EXERCISE AIM: Word for word, return the lines below from the first through the line that has "PATTERN_LINEAR_2_COPY_12_SKETCH_R = 2", dropping the pictures.

* * * * * * *

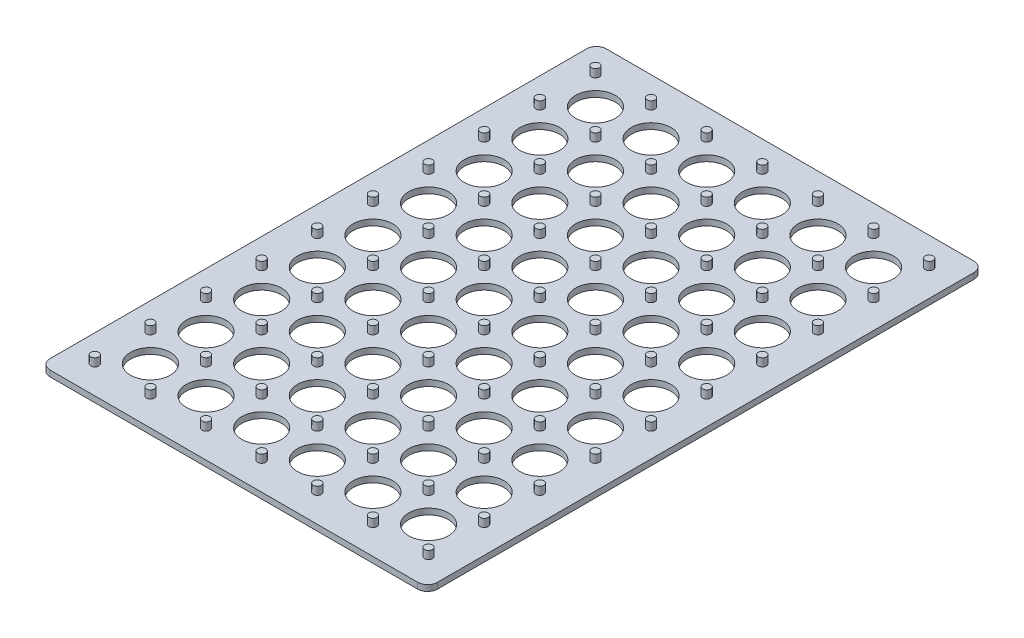
from build123d import *

# Parameters (mm, degrees)
SKETCH_1_W                        = 195
SKETCH_1_H                        = 280
EXTRUDE_1_DEPTH                   = 3
SKETCH_3_R                        = 2
EXTRUDE_2_DEPTH                   = 4
PATTERN_LINEAR_1_COUNT            = 4
PATTERN_LINEAR_1_PITCH            = 28
PATTERN_LINEAR_1_COL_COUNT        = 4
PATTERN_LINEAR_1_COL_PITCH        = 28
PATTERN_LINEAR_2_COUNT            = 10
PATTERN_LINEAR_2_PITCH            = 28
PATTERN_LINEAR_2_COPY_1_SKETCH_R  = 2
PATTERN_LINEAR_2_COPY_1_DEPTH     = 4
PATTERN_LINEAR_2_COPY_2_SKETCH_R  = 2
PATTERN_LINEAR_2_COPY_2_DEPTH     = 4
PATTERN_LINEAR_2_COPY_3_SKETCH_R  = 2
PATTERN_LINEAR_2_COPY_3_DEPTH     = 4
PATTERN_LINEAR_2_COPY_4_SKETCH_R  = 2
PATTERN_LINEAR_2_COPY_4_DEPTH     = 4
PATTERN_LINEAR_2_COPY_5_SKETCH_R  = 2
PATTERN_LINEAR_2_COPY_5_DEPTH     = 4
PATTERN_LINEAR_2_COPY_6_SKETCH_R  = 2
PATTERN_LINEAR_2_COPY_6_DEPTH     = 4
PATTERN_LINEAR_2_COPY_7_SKETCH_R  = 2
PATTERN_LINEAR_2_COPY_7_DEPTH     = 4
PATTERN_LINEAR_2_COPY_8_SKETCH_R  = 2
PATTERN_LINEAR_2_COPY_8_DEPTH     = 4
PATTERN_LINEAR_2_COPY_9_SKETCH_R  = 2
PATTERN_LINEAR_2_COPY_9_DEPTH     = 4
PATTERN_LINEAR_2_COPY_10_SKETCH_R = 2
PATTERN_LINEAR_2_COPY_10_DEPTH    = 4
PATTERN_LINEAR_2_COPY_11_SKETCH_R = 2
PATTERN_LINEAR_2_COPY_11_DEPTH    = 4
PATTERN_LINEAR_2_COPY_12_SKETCH_R = 2
PATTERN_LINEAR_2_COPY_12_DEPTH    = 4
PATTERN_LINEAR_2_COPY_13_SKETCH_R = 2
PATTERN_LINEAR_2_COPY_13_DEPTH    = 4
PATTERN_LINEAR_2_COPY_14_SKETCH_R = 2
PATTERN_LINEAR_2_COPY_14_DEPTH    = 4
PATTERN_LINEAR_2_COPY_15_SKETCH_R = 2
PATTERN_LINEAR_2_COPY_15_DEPTH    = 4
PATTERN_LINEAR_2_COPY_16_SKETCH_R = 2
PATTERN_LINEAR_2_COPY_16_DEPTH    = 4
PATTERN_LINEAR_2_COPY_17_SKETCH_R = 2
PATTERN_LINEAR_2_COPY_17_DEPTH    = 4
PATTERN_LINEAR_2_COPY_18_SKETCH_R = 2
PATTERN_LINEAR_2_COPY_18_DEPTH    = 4
PATTERN_LINEAR_2_COPY_19_SKETCH_R = 2
PATTERN_LINEAR_2_COPY_19_DEPTH    = 4
PATTERN_LINEAR_2_COPY_20_SKETCH_R = 2
PATTERN_LINEAR_2_COPY_20_DEPTH    = 4
PATTERN_LINEAR_2_COPY_21_SKETCH_R = 2
PATTERN_LINEAR_2_COPY_21_DEPTH    = 4
PATTERN_LINEAR_2_COPY_22_SKETCH_R = 2
PATTERN_LINEAR_2_COPY_22_DEPTH    = 4
PATTERN_LINEAR_2_COPY_23_SKETCH_R = 2
PATTERN_LINEAR_2_COPY_23_DEPTH    = 4
PATTERN_LINEAR_2_COPY_24_SKETCH_R = 2
PATTERN_LINEAR_2_COPY_24_DEPTH    = 4
PATTERN_LINEAR_2_COPY_25_SKETCH_R = 2
PATTERN_LINEAR_2_COPY_25_DEPTH    = 4
PATTERN_LINEAR_2_COPY_26_SKETCH_R = 2
PATTERN_LINEAR_2_COPY_26_DEPTH    = 4
PATTERN_LINEAR_2_COPY_27_SKETCH_R = 2
PATTERN_LINEAR_2_COPY_27_DEPTH    = 4
PATTERN_LINEAR_2_COPY_28_SKETCH_R = 2
PATTERN_LINEAR_2_COPY_28_DEPTH    = 4
PATTERN_LINEAR_2_COPY_29_SKETCH_R = 2
PATTERN_LINEAR_2_COPY_29_DEPTH    = 4
PATTERN_LINEAR_2_COPY_30_SKETCH_R = 2
PATTERN_LINEAR_2_COPY_30_DEPTH    = 4
PATTERN_LINEAR_2_COPY_31_SKETCH_R = 2
PATTERN_LINEAR_2_COPY_31_DEPTH    = 4
PATTERN_LINEAR_2_COPY_32_SKETCH_R = 2
PATTERN_LINEAR_2_COPY_32_DEPTH    = 4
PATTERN_LINEAR_2_COPY_33_SKETCH_R = 2
PATTERN_LINEAR_2_COPY_33_DEPTH    = 4
PATTERN_LINEAR_2_COPY_34_SKETCH_R = 2
PATTERN_LINEAR_2_COPY_34_DEPTH    = 4
PATTERN_LINEAR_2_COPY_35_SKETCH_R = 2
PATTERN_LINEAR_2_COPY_35_DEPTH    = 4
PATTERN_LINEAR_2_COPY_36_SKETCH_R = 2
PATTERN_LINEAR_2_COPY_36_DEPTH    = 4
PATTERN_LINEAR_2_COPY_37_SKETCH_R = 2
PATTERN_LINEAR_2_COPY_37_DEPTH    = 4
PATTERN_LINEAR_2_COPY_38_SKETCH_R = 2
PATTERN_LINEAR_2_COPY_38_DEPTH    = 4
PATTERN_LINEAR_2_COPY_39_SKETCH_R = 2
PATTERN_LINEAR_2_COPY_39_DEPTH    = 4
PATTERN_LINEAR_2_COPY_40_SKETCH_R = 2
PATTERN_LINEAR_2_COPY_40_DEPTH    = 4
PATTERN_LINEAR_2_COPY_41_SKETCH_R = 2
PATTERN_LINEAR_2_COPY_41_DEPTH    = 4
PATTERN_LINEAR_2_COPY_42_SKETCH_R = 2
PATTERN_LINEAR_2_COPY_42_DEPTH    = 4
PATTERN_LINEAR_2_COPY_43_SKETCH_R = 2
PATTERN_LINEAR_2_COPY_43_DEPTH    = 4
PATTERN_LINEAR_2_COPY_44_SKETCH_R = 2
PATTERN_LINEAR_2_COPY_44_DEPTH    = 4
PATTERN_LINEAR_2_COPY_45_SKETCH_R = 2
PATTERN_LINEAR_2_COPY_45_DEPTH    = 4
PATTERN_LINEAR_2_COPY_46_SKETCH_R = 2
PATTERN_LINEAR_2_COPY_46_DEPTH    = 4
PATTERN_LINEAR_2_COPY_47_SKETCH_R = 2
PATTERN_LINEAR_2_COPY_47_DEPTH    = 4
PATTERN_LINEAR_2_COPY_48_SKETCH_R = 2
PATTERN_LINEAR_2_COPY_48_DEPTH    = 4
PATTERN_LINEAR_2_COPY_49_SKETCH_R = 2
PATTERN_LINEAR_2_COPY_49_DEPTH    = 4
PATTERN_LINEAR_2_COPY_50_SKETCH_R = 2
PATTERN_LINEAR_2_COPY_50_DEPTH    = 4
PATTERN_LINEAR_2_COPY_51_SKETCH_R = 2
PATTERN_LINEAR_2_COPY_51_DEPTH    = 4
PATTERN_LINEAR_2_COPY_52_SKETCH_R = 2
PATTERN_LINEAR_2_COPY_52_DEPTH    = 4
PATTERN_LINEAR_2_COPY_53_SKETCH_R = 2
PATTERN_LINEAR_2_COPY_53_DEPTH    = 4
PATTERN_LINEAR_2_COPY_54_SKETCH_R = 2
PATTERN_LINEAR_2_COPY_54_DEPTH    = 4
SKETCH_4_R                        = 10
CUT_EXTRUDE_1_DEPTH               = 3
PATTERN_LINEAR_3_COUNT            = 3
PATTERN_LINEAR_3_PITCH            = 28
PATTERN_LINEAR_3_COL_COUNT        = 4
PATTERN_LINEAR_3_COL_PITCH        = 28
PATTERN_LINEAR_4_COUNT            = 9
PATTERN_LINEAR_4_PITCH            = 28
PATTERN_LINEAR_4_COPY_1_SKETCH_R  = 10
PATTERN_LINEAR_4_COPY_1_DEPTH     = 3
PATTERN_LINEAR_4_COPY_2_SKETCH_R  = 10
PATTERN_LINEAR_4_COPY_2_DEPTH     = 3
PATTERN_LINEAR_4_COPY_3_SKETCH_R  = 10
PATTERN_LINEAR_4_COPY_3_DEPTH     = 3
PATTERN_LINEAR_4_COPY_4_SKETCH_R  = 10
PATTERN_LINEAR_4_COPY_4_DEPTH     = 3
PATTERN_LINEAR_4_COPY_5_SKETCH_R  = 10
PATTERN_LINEAR_4_COPY_5_DEPTH     = 3
PATTERN_LINEAR_4_COPY_6_SKETCH_R  = 10
PATTERN_LINEAR_4_COPY_6_DEPTH     = 3
PATTERN_LINEAR_4_COPY_7_SKETCH_R  = 10
PATTERN_LINEAR_4_COPY_7_DEPTH     = 3
PATTERN_LINEAR_4_COPY_8_SKETCH_R  = 10
PATTERN_LINEAR_4_COPY_8_DEPTH     = 3
PATTERN_LINEAR_4_COPY_9_SKETCH_R  = 10
PATTERN_LINEAR_4_COPY_9_DEPTH     = 3
PATTERN_LINEAR_4_COPY_10_SKETCH_R = 10
PATTERN_LINEAR_4_COPY_10_DEPTH    = 3
PATTERN_LINEAR_4_COPY_11_SKETCH_R = 10
PATTERN_LINEAR_4_COPY_11_DEPTH    = 3
PATTERN_LINEAR_4_COPY_12_SKETCH_R = 10
PATTERN_LINEAR_4_COPY_12_DEPTH    = 3
PATTERN_LINEAR_4_COPY_13_SKETCH_R = 10
PATTERN_LINEAR_4_COPY_13_DEPTH    = 3
PATTERN_LINEAR_4_COPY_14_SKETCH_R = 10
PATTERN_LINEAR_4_COPY_14_DEPTH    = 3
PATTERN_LINEAR_4_COPY_15_SKETCH_R = 10
PATTERN_LINEAR_4_COPY_15_DEPTH    = 3
PATTERN_LINEAR_4_COPY_16_SKETCH_R = 10
PATTERN_LINEAR_4_COPY_16_DEPTH    = 3
PATTERN_LINEAR_4_COPY_17_SKETCH_R = 10
PATTERN_LINEAR_4_COPY_17_DEPTH    = 3
PATTERN_LINEAR_4_COPY_18_SKETCH_R = 10
PATTERN_LINEAR_4_COPY_18_DEPTH    = 3
PATTERN_LINEAR_4_COPY_19_SKETCH_R = 10
PATTERN_LINEAR_4_COPY_19_DEPTH    = 3
PATTERN_LINEAR_4_COPY_20_SKETCH_R = 10
PATTERN_LINEAR_4_COPY_20_DEPTH    = 3
PATTERN_LINEAR_4_COPY_21_SKETCH_R = 10
PATTERN_LINEAR_4_COPY_21_DEPTH    = 3
PATTERN_LINEAR_4_COPY_22_SKETCH_R = 10
PATTERN_LINEAR_4_COPY_22_DEPTH    = 3
PATTERN_LINEAR_4_COPY_23_SKETCH_R = 10
PATTERN_LINEAR_4_COPY_23_DEPTH    = 3
PATTERN_LINEAR_4_COPY_24_SKETCH_R = 10
PATTERN_LINEAR_4_COPY_24_DEPTH    = 3
PATTERN_LINEAR_4_COPY_25_SKETCH_R = 10
PATTERN_LINEAR_4_COPY_25_DEPTH    = 3
PATTERN_LINEAR_4_COPY_26_SKETCH_R = 10
PATTERN_LINEAR_4_COPY_26_DEPTH    = 3
PATTERN_LINEAR_4_COPY_27_SKETCH_R = 10
PATTERN_LINEAR_4_COPY_27_DEPTH    = 3
PATTERN_LINEAR_4_COPY_28_SKETCH_R = 10
PATTERN_LINEAR_4_COPY_28_DEPTH    = 3
PATTERN_LINEAR_4_COPY_29_SKETCH_R = 10
PATTERN_LINEAR_4_COPY_29_DEPTH    = 3
PATTERN_LINEAR_4_COPY_30_SKETCH_R = 10
PATTERN_LINEAR_4_COPY_30_DEPTH    = 3
PATTERN_LINEAR_4_COPY_31_SKETCH_R = 10
PATTERN_LINEAR_4_COPY_31_DEPTH    = 3
PATTERN_LINEAR_4_COPY_32_SKETCH_R = 10
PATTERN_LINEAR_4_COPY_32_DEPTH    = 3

* * * * * * *

TASK RESULT:
from build123d import *

# Parameters (mm, degrees)
SKETCH_1_W                        = 195
SKETCH_1_H                        = 280
EXTRUDE_1_DEPTH                   = 3
SKETCH_3_R                        = 2
EXTRUDE_2_DEPTH                   = 4
PATTERN_LINEAR_1_COUNT            = 4
PATTERN_LINEAR_1_PITCH            = 28
PATTERN_LINEAR_1_COL_COUNT        = 4
PATTERN_LINEAR_1_COL_PITCH        = 28
PATTERN_LINEAR_2_COUNT            = 10
PATTERN_LINEAR_2_PITCH            = 28
PATTERN_LINEAR_2_COPY_1_SKETCH_R  = 2
PATTERN_LINEAR_2_COPY_1_DEPTH     = 4
PATTERN_LINEAR_2_COPY_2_SKETCH_R  = 2
PATTERN_LINEAR_2_COPY_2_DEPTH     = 4
PATTERN_LINEAR_2_COPY_3_SKETCH_R  = 2
PATTERN_LINEAR_2_COPY_3_DEPTH     = 4
PATTERN_LINEAR_2_COPY_4_SKETCH_R  = 2
PATTERN_LINEAR_2_COPY_4_DEPTH     = 4
PATTERN_LINEAR_2_COPY_5_SKETCH_R  = 2
PATTERN_LINEAR_2_COPY_5_DEPTH     = 4
PATTERN_LINEAR_2_COPY_6_SKETCH_R  = 2
PATTERN_LINEAR_2_COPY_6_DEPTH     = 4
PATTERN_LINEAR_2_COPY_7_SKETCH_R  = 2
PATTERN_LINEAR_2_COPY_7_DEPTH     = 4
PATTERN_LINEAR_2_COPY_8_SKETCH_R  = 2
PATTERN_LINEAR_2_COPY_8_DEPTH     = 4
PATTERN_LINEAR_2_COPY_9_SKETCH_R  = 2
PATTERN_LINEAR_2_COPY_9_DEPTH     = 4
PATTERN_LINEAR_2_COPY_10_SKETCH_R = 2
PATTERN_LINEAR_2_COPY_10_DEPTH    = 4
PATTERN_LINEAR_2_COPY_11_SKETCH_R = 2
PATTERN_LINEAR_2_COPY_11_DEPTH    = 4
PATTERN_LINEAR_2_COPY_12_SKETCH_R = 2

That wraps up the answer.